- Requirement -
The response must consist of the lines below from the one with "#132=CARTESIAN_POINT('',(-3.87298334620742,-2.25,-7.));" through the one with "#154=EDGE_CURVE('E213',#153,#149,#121,.T.);", exactly as they appear and with both ends kept.

=======

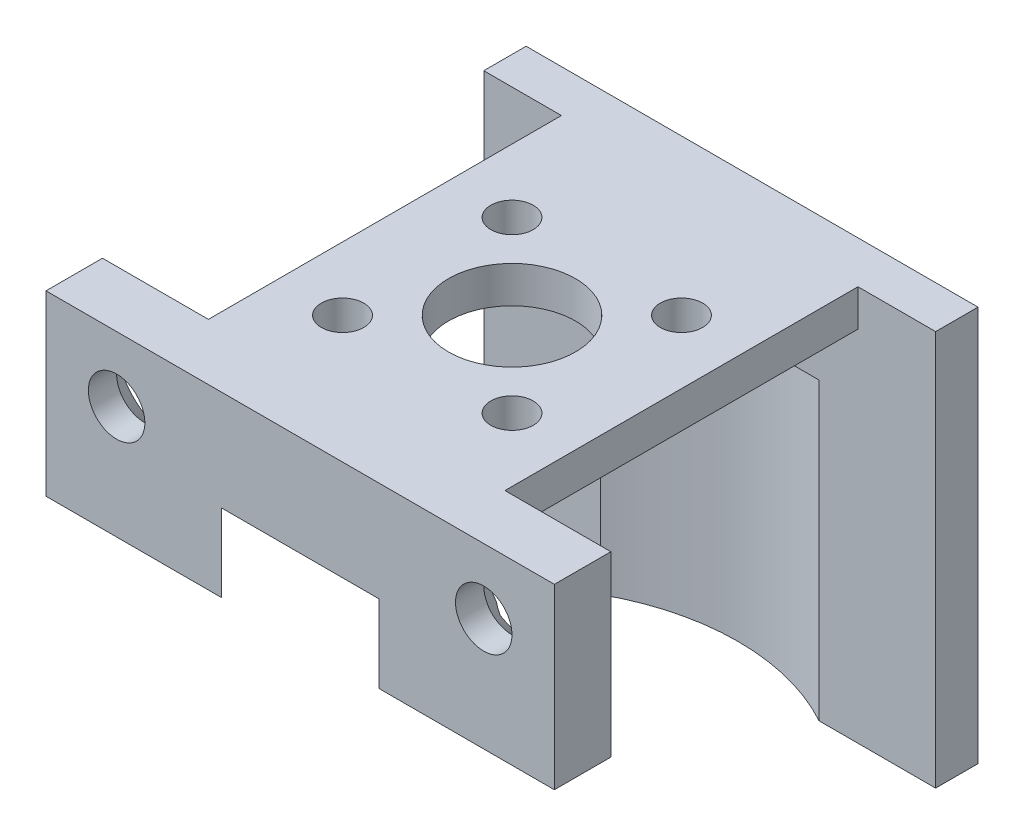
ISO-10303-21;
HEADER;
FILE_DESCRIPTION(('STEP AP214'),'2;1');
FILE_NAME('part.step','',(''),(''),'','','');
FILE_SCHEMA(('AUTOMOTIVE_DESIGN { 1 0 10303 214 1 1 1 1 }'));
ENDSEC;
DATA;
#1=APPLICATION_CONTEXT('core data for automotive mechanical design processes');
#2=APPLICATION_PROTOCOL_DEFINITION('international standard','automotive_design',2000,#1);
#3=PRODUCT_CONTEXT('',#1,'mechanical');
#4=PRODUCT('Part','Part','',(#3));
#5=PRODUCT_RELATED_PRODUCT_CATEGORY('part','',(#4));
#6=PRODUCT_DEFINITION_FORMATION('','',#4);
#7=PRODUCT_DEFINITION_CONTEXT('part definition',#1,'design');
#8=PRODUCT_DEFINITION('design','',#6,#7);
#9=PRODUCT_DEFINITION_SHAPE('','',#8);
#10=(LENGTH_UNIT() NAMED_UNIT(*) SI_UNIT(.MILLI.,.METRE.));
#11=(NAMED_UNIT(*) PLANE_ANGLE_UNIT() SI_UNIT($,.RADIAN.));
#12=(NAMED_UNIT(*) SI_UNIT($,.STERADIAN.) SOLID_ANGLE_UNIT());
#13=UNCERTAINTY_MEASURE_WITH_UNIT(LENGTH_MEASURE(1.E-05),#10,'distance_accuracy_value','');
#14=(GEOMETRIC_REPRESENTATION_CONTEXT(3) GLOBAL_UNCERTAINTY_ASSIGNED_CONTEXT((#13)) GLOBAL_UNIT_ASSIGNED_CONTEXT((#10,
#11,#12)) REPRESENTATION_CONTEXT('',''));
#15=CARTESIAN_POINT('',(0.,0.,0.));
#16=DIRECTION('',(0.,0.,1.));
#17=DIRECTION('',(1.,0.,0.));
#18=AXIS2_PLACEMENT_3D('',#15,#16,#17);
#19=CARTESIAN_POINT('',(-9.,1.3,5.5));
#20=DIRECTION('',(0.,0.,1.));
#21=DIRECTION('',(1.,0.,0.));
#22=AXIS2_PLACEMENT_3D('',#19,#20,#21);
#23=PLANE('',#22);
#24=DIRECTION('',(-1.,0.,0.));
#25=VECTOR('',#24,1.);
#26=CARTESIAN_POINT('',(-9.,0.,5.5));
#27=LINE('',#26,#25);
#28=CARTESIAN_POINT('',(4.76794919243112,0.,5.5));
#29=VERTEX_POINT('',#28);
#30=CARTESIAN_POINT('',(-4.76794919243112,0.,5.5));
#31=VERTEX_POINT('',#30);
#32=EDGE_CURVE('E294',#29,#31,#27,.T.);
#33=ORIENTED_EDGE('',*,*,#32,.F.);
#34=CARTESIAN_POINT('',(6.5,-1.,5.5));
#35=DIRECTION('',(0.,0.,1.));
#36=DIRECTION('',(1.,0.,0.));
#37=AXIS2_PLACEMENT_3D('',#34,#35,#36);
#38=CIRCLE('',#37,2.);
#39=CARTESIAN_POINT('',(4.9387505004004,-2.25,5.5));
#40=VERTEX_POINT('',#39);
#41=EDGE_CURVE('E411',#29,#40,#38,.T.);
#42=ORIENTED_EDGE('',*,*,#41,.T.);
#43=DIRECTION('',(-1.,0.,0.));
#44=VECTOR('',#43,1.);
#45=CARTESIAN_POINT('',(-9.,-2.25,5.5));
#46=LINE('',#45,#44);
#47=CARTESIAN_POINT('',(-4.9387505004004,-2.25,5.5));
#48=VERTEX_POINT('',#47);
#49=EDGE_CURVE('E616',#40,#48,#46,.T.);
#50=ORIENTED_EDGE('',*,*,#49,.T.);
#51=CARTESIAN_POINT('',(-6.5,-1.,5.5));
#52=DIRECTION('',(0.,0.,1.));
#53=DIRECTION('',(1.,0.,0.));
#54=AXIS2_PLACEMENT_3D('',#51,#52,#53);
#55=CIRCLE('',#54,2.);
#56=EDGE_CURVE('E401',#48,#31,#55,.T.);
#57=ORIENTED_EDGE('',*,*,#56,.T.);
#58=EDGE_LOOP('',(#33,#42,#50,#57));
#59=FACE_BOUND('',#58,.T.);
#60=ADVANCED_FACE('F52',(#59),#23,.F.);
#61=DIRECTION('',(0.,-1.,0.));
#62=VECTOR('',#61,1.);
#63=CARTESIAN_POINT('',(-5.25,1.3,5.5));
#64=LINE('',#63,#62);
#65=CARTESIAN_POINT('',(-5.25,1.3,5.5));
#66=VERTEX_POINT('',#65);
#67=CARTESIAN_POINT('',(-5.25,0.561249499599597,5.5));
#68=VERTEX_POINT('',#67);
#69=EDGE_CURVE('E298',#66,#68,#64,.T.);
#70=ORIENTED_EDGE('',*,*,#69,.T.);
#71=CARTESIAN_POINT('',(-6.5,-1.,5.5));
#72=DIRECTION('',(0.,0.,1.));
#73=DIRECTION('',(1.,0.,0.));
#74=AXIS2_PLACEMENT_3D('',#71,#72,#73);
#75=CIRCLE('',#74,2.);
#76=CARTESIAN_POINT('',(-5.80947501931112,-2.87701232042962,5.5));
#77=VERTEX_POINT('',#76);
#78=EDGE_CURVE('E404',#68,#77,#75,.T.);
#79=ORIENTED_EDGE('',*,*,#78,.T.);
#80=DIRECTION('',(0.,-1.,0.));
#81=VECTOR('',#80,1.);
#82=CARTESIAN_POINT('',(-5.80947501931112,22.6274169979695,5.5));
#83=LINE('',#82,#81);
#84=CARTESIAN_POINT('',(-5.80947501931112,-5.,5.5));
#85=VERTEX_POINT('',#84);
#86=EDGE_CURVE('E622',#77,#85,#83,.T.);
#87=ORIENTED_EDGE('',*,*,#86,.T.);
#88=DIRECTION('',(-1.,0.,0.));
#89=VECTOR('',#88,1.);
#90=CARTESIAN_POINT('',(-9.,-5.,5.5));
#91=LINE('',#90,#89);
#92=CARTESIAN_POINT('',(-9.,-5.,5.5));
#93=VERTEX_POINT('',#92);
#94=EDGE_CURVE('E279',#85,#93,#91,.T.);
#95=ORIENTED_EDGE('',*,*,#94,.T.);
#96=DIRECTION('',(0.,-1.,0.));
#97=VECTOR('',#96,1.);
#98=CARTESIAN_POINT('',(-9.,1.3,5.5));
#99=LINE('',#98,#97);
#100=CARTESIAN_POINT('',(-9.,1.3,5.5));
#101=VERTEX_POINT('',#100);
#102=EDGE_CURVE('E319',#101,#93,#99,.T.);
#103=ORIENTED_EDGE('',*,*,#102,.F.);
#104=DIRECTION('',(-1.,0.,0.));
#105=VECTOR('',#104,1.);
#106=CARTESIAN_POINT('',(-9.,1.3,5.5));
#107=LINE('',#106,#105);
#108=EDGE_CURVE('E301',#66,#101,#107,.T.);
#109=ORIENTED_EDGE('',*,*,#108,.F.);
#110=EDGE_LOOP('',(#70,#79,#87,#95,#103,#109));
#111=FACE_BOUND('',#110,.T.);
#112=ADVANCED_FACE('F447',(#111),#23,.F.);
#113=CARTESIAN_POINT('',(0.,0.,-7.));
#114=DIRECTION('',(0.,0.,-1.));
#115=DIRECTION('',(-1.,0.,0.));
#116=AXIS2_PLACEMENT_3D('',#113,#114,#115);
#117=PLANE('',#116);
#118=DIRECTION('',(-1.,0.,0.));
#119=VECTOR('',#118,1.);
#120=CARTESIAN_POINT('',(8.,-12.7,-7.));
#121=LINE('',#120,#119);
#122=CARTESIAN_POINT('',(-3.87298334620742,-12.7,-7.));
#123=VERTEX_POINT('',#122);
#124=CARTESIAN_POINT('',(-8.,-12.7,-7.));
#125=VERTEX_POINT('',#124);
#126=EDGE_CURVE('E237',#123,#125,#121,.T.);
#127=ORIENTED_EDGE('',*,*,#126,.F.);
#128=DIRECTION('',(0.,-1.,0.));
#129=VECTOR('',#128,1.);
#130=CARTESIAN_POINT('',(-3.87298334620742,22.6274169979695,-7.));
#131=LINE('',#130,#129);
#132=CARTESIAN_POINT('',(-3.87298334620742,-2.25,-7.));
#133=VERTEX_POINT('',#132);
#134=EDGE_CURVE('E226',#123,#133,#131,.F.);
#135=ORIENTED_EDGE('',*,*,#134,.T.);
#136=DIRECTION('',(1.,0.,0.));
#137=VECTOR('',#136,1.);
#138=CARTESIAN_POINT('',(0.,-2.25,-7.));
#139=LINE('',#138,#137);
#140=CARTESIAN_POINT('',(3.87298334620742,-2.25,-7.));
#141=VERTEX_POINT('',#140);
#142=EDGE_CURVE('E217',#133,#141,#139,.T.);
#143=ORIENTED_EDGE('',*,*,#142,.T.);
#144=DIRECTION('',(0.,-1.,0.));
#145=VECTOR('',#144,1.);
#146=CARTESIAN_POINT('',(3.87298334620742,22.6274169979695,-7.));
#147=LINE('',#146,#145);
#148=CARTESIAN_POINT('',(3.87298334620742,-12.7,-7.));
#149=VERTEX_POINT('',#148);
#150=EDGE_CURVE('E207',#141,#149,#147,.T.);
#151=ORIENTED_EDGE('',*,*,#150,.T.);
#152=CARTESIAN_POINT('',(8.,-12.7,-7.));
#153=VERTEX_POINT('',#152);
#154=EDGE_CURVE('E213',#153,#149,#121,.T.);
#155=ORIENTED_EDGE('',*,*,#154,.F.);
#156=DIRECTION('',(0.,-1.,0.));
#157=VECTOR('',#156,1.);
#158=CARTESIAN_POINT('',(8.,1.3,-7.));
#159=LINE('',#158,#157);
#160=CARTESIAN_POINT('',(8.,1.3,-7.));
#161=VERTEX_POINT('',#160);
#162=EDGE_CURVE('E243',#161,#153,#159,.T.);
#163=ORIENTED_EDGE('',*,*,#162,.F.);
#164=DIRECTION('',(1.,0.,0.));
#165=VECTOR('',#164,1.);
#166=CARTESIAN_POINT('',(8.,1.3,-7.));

=======

- Final answer -
#132=CARTESIAN_POINT('',(-3.87298334620742,-2.25,-7.));
#133=VERTEX_POINT('',#132);
#134=EDGE_CURVE('E226',#123,#133,#131,.F.);
#135=ORIENTED_EDGE('',*,*,#134,.T.);
#136=DIRECTION('',(1.,0.,0.));
#137=VECTOR('',#136,1.);
#138=CARTESIAN_POINT('',(0.,-2.25,-7.));
#139=LINE('',#138,#137);
#140=CARTESIAN_POINT('',(3.87298334620742,-2.25,-7.));
#141=VERTEX_POINT('',#140);
#142=EDGE_CURVE('E217',#133,#141,#139,.T.);
#143=ORIENTED_EDGE('',*,*,#142,.T.);
#144=DIRECTION('',(0.,-1.,0.));
#145=VECTOR('',#144,1.);
#146=CARTESIAN_POINT('',(3.87298334620742,22.6274169979695,-7.));
#147=LINE('',#146,#145);
#148=CARTESIAN_POINT('',(3.87298334620742,-12.7,-7.));
#149=VERTEX_POINT('',#148);
#150=EDGE_CURVE('E207',#141,#149,#147,.T.);
#151=ORIENTED_EDGE('',*,*,#150,.T.);
#152=CARTESIAN_POINT('',(8.,-12.7,-7.));
#153=VERTEX_POINT('',#152);
#154=EDGE_CURVE('E213',#153,#149,#121,.T.);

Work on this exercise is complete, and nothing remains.